Where the string "ezdxf" appears in a line of the material below, copy that line.

· · · · · · ·

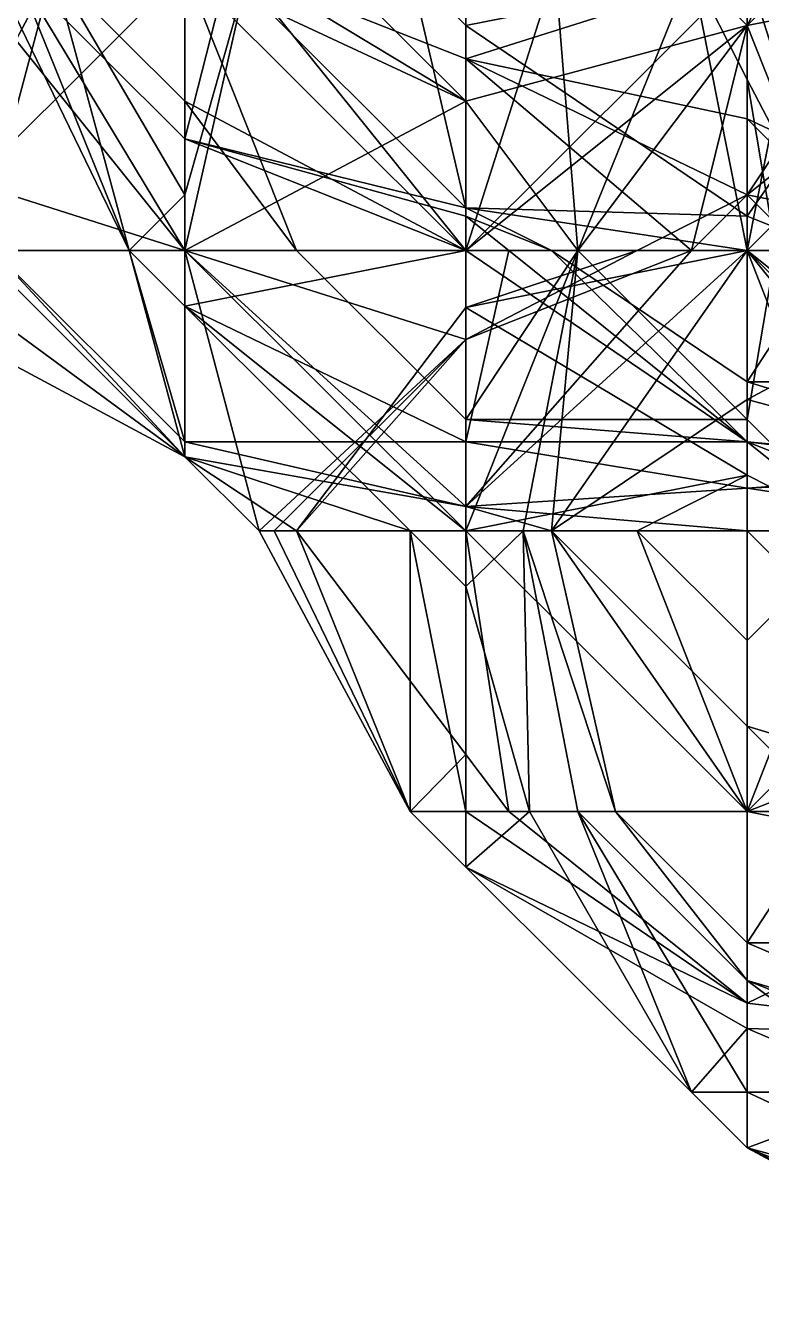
# Model space of a CAD drawing. Header units: metres. Extents: x 15 to 162, y 15 to 204.
# Drawn here: x 39.24 to 55.21, y 19.86 to 47.46 of the extents above; entities that cross this region are included whole.
import ezdxf

# ---------------------------------------------------------------- set-up
doc = ezdxf.new("R2010")
doc.units = ezdxf.units.M

msp = doc.modelspace()

# ---------------------------------------------------------------- linework, layer by layer
at = {"layer": 'fALFF_NINET_XXX_pre-post.nii', "color": 116, "linetype": 'CONTINUOUS'}
for points in [[(42.7, 42.583332, 60.593056), (42.7, 48.666668, 63.764206), (36.6, 42.583332, 63.764206)], [(42.7, 48.666668, 63.764206), (36.6, 48.666668, 61.3796), (36.6, 42.583332, 63.764206)], [(39.842632, 48.666668, 70.83871), (38.21283, 42.583332, 70.83871), (36.6, 42.583332, 66.10676)], [(36.6, 48.666668, 68.49136), (39.842632, 48.666668, 70.83871), (36.6, 42.583332, 66.10676)], [(37.810318, 48.666668, 82.645164), (36.6, 44.51546, 88.548386), (42.7, 42.583332, 84.20596)], [(37.810318, 48.666668, 82.645164), (42.7, 42.583332, 84.20596), (42.7, 48.666668, 83.81423)], [(41.48968, 42.583332, 76.741936), (38.21283, 42.583332, 70.83871), (39.842632, 48.666668, 70.83871)], [(38.537422, 42.583332, 94.451614), (38.537422, 48.666668, 100.354836), (41.48968, 42.583332, 100.354836)], [(41.48968, 42.583332, 100.354836), (38.537422, 48.666668, 100.354836), (39.02559, 48.666668, 106.258064)], [(42.7, 42.583332, 101.52611), (39.02559, 48.666668, 106.258064), (42.7, 45.002296, 106.258064)], [(42.7, 42.583332, 101.52611), (41.48968, 42.583332, 100.354836), (39.02559, 48.666668, 106.258064)], [(42.7, 45.002296, 106.258064), (39.02559, 48.666668, 106.258064), (42.7, 48.666668, 110.9622)], [(42.7, 48.666668, 20.847708), (39.842632, 48.666668, 23.612904), (42.7, 45.817104, 23.612904)], [(42.7, 45.817104, 23.612904), (39.842632, 48.666668, 23.612904), (42.7, 48.666668, 26.378098)], [(42.7, 43.790344, 76.741936), (39.842632, 48.666668, 70.83871), (42.7, 48.666668, 73.603905)], [(42.7, 43.790344, 76.741936), (41.48968, 42.583332, 76.741936), (39.842632, 48.666668, 70.83871)], [(45.12559, 42.583332, 23.612904), (42.7, 48.666668, 20.847708), (42.7, 45.817104, 23.612904)], [(45.12559, 42.583332, 23.612904), (48.8, 42.583332, 20.057024), (42.7, 48.666668, 20.847708)], [(48.8, 42.583332, 20.057024), (48.8, 48.666668, 18.309223), (42.7, 48.666668, 20.847708)], [(42.7, 45.817104, 23.612904), (42.7, 48.666668, 26.378098), (48.8, 42.583332, 27.168783)], [(42.7, 48.666668, 26.378098), (48.8, 48.666668, 28.179298), (48.8, 42.583332, 27.168783)], [(43.91032, 48.666668, 64.935486), (42.7, 48.666668, 63.764206), (48.8, 42.583332, 60.90718)], [(42.7, 48.666668, 63.764206), (42.7, 42.583332, 60.593056), (48.8, 42.583332, 60.90718)], [(42.7, 43.790344, 76.741936), (42.7, 48.666668, 73.603905), (44.08139, 48.666668, 76.741936)], [(48.8, 45.817104, 82.645164), (42.7, 42.583332, 77.91321), (44.08139, 48.666668, 76.741936)], [(42.7, 43.790344, 76.741936), (44.08139, 48.666668, 76.741936), (42.7, 42.583332, 77.91321)], [(48.8, 45.817104, 82.645164), (45.94263, 48.666668, 82.645164), (42.7, 48.666668, 83.81423)], [(48.8, 45.817104, 82.645164), (42.7, 48.666668, 83.81423), (48.8, 42.583332, 83.81423)], [(48.8, 42.583332, 83.81423), (42.7, 48.666668, 83.81423), (42.7, 42.583332, 84.20596)], [(43.629295, 48.666668, 112.16129), (42.7, 45.002296, 106.258064), (42.7, 48.666668, 110.9622)], [(43.629295, 48.666668, 112.16129), (48.8, 43.51009, 112.16129), (42.7, 45.002296, 106.258064)], [(43.629295, 48.666668, 112.16129), (47.58968, 48.666668, 118.064514), (48.8, 43.51009, 112.16129)], [(43.91032, 48.666668, 64.935486), (48.8, 42.583332, 60.90718), (48.8, 46.73454, 64.935486)], [(48.8, 46.73454, 64.935486), (48.8, 48.666668, 66.81041), (43.91032, 48.666668, 64.935486)], [(48.8, 45.817104, 82.645164), (44.08139, 48.666668, 76.741936), (45.94263, 48.666668, 82.645164)], [(48.8, 43.51009, 112.16129), (47.58968, 48.666668, 118.064514), (48.8, 47.459656, 118.064514)], [(48.8, 47.459656, 118.064514), (47.58968, 48.666668, 118.064514), (48.8, 48.666668, 119.23579)], [(54.9, 42.583332, 19.5846), (54.9, 48.666668, 18.878748), (48.8, 42.583332, 20.057024)], [(54.9, 48.666668, 18.878748), (48.8, 48.666668, 18.309223), (48.8, 42.583332, 20.057024)], [(50.73742, 48.666668, 29.516129), (51.22559, 42.583332, 29.516129), (48.8, 42.583332, 27.168783)], [(48.8, 48.666668, 28.179298), (50.73742, 48.666668, 29.516129), (48.8, 42.583332, 27.168783)], [(48.8, 46.73454, 64.935486), (54.9, 45.432896, 64.935486), (54.9, 48.666668, 69.667435)], [(48.8, 48.666668, 66.81041), (48.8, 46.73454, 64.935486), (54.9, 48.666668, 69.667435)], [(48.8, 47.459656, 118.064514), (54.9, 48.666668, 123.24828), (54.9, 43.324738, 118.064514)], [(48.8, 48.666668, 119.23579), (54.9, 48.666668, 123.24828), (48.8, 47.459656, 118.064514)], [(51.22559, 42.583332, 29.516129), (50.73742, 48.666668, 29.516129), (53.689682, 48.666668, 35.419353)], [(54.9, 42.583332, 34.22026), (51.22559, 42.583332, 29.516129), (53.689682, 48.666668, 35.419353)], [(54.9, 42.583332, 34.22026), (53.689682, 48.666668, 35.419353), (54.9, 46.290363, 35.419353)], [(54.9, 46.290363, 35.419353), (53.689682, 48.666668, 41.322582), (54.9, 47.459656, 41.322582)], [(53.689682, 48.666668, 35.419353), (53.689682, 48.666668, 41.322582), (54.9, 46.290363, 35.419353)], [(54.9, 47.459656, 41.322582), (53.689682, 48.666668, 41.322582), (54.9, 48.666668, 43.62853)], [(56.83742, 42.583332, 17.709677), (56.83742, 48.666668, 17.709677), (54.9, 48.666668, 18.878748)], [(54.9, 42.583332, 19.5846), (56.83742, 42.583332, 17.709677), (54.9, 48.666668, 18.878748)], [(54.9, 47.459656, 41.322582), (54.9, 48.666668, 43.62853), (55.51953, 48.666668, 47.225807)], [(54.9, 47.459656, 41.322582), (55.51953, 48.666668, 47.225807), (56.83742, 42.583332, 41.322582)], [(56.110317, 42.583332, 53.129032), (61, 48.666668, 54.92767), (54.9, 43.790344, 59.032257)], [(58.14263, 48.666668, 59.032257), (54.9, 43.790344, 59.032257), (61, 48.666668, 54.92767)], [(54.9, 43.790344, 59.032257), (58.14263, 48.666668, 59.032257), (61, 42.583332, 63.060562)], [(54.9, 45.432896, 64.935486), (57.757366, 42.583332, 64.935486), (54.9, 48.666668, 69.667435)], [(57.757366, 42.583332, 64.935486), (56.110317, 48.666668, 70.83871), (54.9, 48.666668, 69.667435)], [(54.9, 47.459656, 88.548386), (56.110317, 48.666668, 88.548386), (61, 48.666668, 86.20104)], [(54.9, 47.459656, 88.548386), (61, 48.666668, 86.20104), (54.9, 42.583332, 86.20104)], [(54.9, 42.583332, 86.20104), (61, 48.666668, 86.20104), (61, 42.583332, 83.81644)], [(56.110317, 48.666668, 88.548386), (54.9, 47.459656, 88.548386), (54.9, 42.583332, 90.89573)], [(56.110317, 48.666668, 88.548386), (54.9, 42.583332, 90.89573), (61, 48.666668, 90.89573)], [(61, 48.666668, 90.89573), (54.9, 42.583332, 90.89573), (61, 42.583332, 90.89573)], [(54.9, 43.324738, 118.064514), (54.9, 48.666668, 123.24828), (58.617188, 48.666668, 123.96774)], [(56.758595, 42.583332, 118.064514), (54.9, 43.324738, 118.064514), (58.617188, 48.666668, 123.96774)], [(48.8, 42.583332, 83.81423), (53.691963, 42.583332, 88.548386), (54.9, 47.459656, 88.548386)], [(48.8, 42.583332, 83.81423), (54.9, 47.459656, 88.548386), (48.8, 45.817104, 82.645164)], [(51.22559, 42.583332, 82.645164), (48.8, 45.817104, 82.645164), (54.9, 47.459656, 88.548386)], [(54.9, 43.324738, 118.064514), (48.8, 43.51009, 112.16129), (48.8, 47.459656, 118.064514)], [(54.9, 42.583332, 86.20104), (51.22559, 42.583332, 82.645164), (54.9, 47.459656, 88.548386)], [(53.691963, 42.583332, 88.548386), (54.9, 42.583332, 90.89573), (54.9, 47.459656, 88.548386)], [(54.9, 47.459656, 41.322582), (56.83742, 42.583332, 41.322582), (54.9, 46.290363, 35.419353)], [(53.689682, 42.583332, 59.032257), (48.8, 46.73454, 64.935486), (48.8, 42.583332, 60.90718)], [(53.689682, 42.583332, 59.032257), (54.9, 43.790344, 59.032257), (48.8, 46.73454, 64.935486)], [(54.9, 43.790344, 59.032257), (54.9, 45.432896, 64.935486), (48.8, 46.73454, 64.935486)], [(55.51953, 42.583332, 35.419353), (54.9, 42.583332, 34.22026), (54.9, 46.290363, 35.419353)], [(56.83742, 42.583332, 41.322582), (55.51953, 42.583332, 35.419353), (54.9, 46.290363, 35.419353)], [(42.7, 45.817104, 23.612904), (48.8, 42.583332, 27.168783), (45.12559, 42.583332, 23.612904)], [(48.8, 45.817104, 82.645164), (48.8, 42.583332, 81.308334), (42.7, 42.583332, 77.91321)], [(51.22559, 42.583332, 82.645164), (48.8, 42.583332, 81.308334), (48.8, 45.817104, 82.645164)], [(54.9, 45.432896, 64.935486), (54.9, 43.790344, 59.032257), (61, 42.583332, 63.060562)], [(54.9, 45.432896, 64.935486), (61, 42.583332, 63.060562), (57.757366, 42.583332, 64.935486)], [(48.8, 42.583332, 105.35874), (42.7, 42.583332, 101.52611), (42.7, 45.002296, 106.258064)], [(48.8, 43.324738, 106.258064), (48.8, 42.583332, 105.35874), (42.7, 45.002296, 106.258064)], [(48.8, 43.51009, 112.16129), (48.8, 43.324738, 106.258064), (42.7, 45.002296, 106.258064)], [(36.6, 44.51546, 88.548386), (38.21283, 42.583332, 88.548386), (42.7, 42.583332, 84.20596)], [(41.48968, 42.583332, 76.741936), (42.7, 43.790344, 76.741936), (42.7, 42.583332, 77.91321)], [(54.9, 42.583332, 51.957756), (54.9, 43.790344, 53.129032), (52.51719, 42.583332, 53.129032)], [(52.51719, 42.583332, 53.129032), (54.9, 43.790344, 59.032257), (53.689682, 42.583332, 59.032257)], [(54.9, 43.790344, 53.129032), (54.9, 43.790344, 59.032257), (52.51719, 42.583332, 53.129032)], [(54.9, 42.583332, 51.957756), (56.110317, 42.583332, 53.129032), (54.9, 43.790344, 53.129032)], [(56.110317, 42.583332, 53.129032), (54.9, 43.790344, 59.032257), (54.9, 43.790344, 53.129032)], [(48.8, 43.51009, 112.16129), (50.658592, 42.583332, 112.16129), (48.8, 43.324738, 106.258064)], [(54.9, 42.583332, 116.26588), (50.658592, 42.583332, 112.16129), (48.8, 43.51009, 112.16129)], [(54.9, 42.583332, 116.26588), (48.8, 43.51009, 112.16129), (54.9, 43.324738, 118.064514)], [(49.729298, 42.583332, 106.258064), (48.8, 42.583332, 105.35874), (48.8, 43.324738, 106.258064)], [(50.658592, 42.583332, 112.16129), (49.729298, 42.583332, 106.258064), (48.8, 43.324738, 106.258064)], [(56.758595, 42.583332, 118.064514), (54.9, 42.583332, 116.26588), (54.9, 43.324738, 118.064514)], [(36.6, 42.583332, 63.764206), (42.7, 38.10842, 64.935486), (42.7, 42.583332, 60.593056)], [(36.6, 41.37632, 64.935486), (42.7, 38.10842, 64.935486), (36.6, 42.583332, 63.764206)], [(38.21283, 42.583332, 70.83871), (42.7, 38.10842, 70.83871), (36.6, 41.37632, 64.935486)], [(38.21283, 42.583332, 70.83871), (41.48968, 42.583332, 76.741936), (42.7, 38.10842, 70.83871)], [(42.7, 42.583332, 84.20596), (38.21283, 42.583332, 88.548386), (42.7, 38.10842, 88.548386)], [(38.21283, 42.583332, 88.548386), (38.537422, 42.583332, 94.451614), (42.7, 38.10842, 88.548386)], [(42.7, 38.10842, 88.548386), (38.537422, 42.583332, 94.451614), (42.7, 38.43213, 94.451614)], [(38.537422, 42.583332, 94.451614), (41.48968, 42.583332, 100.354836), (42.7, 38.43213, 94.451614)], [(42.7, 38.10842, 70.83871), (41.48968, 42.583332, 76.741936), (42.7, 41.37632, 76.741936)], [(42.7, 41.37632, 76.741936), (41.48968, 42.583332, 76.741936), (42.7, 42.583332, 77.91321)], [(42.7, 38.43213, 94.451614), (41.48968, 42.583332, 100.354836), (42.7, 41.37632, 100.354836)], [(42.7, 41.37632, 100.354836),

· · · · · · ·

SOLUTION TO THIS TASK |
import ezdxf
doc = ezdxf.new("R2010")
doc.units = ezdxf.units.M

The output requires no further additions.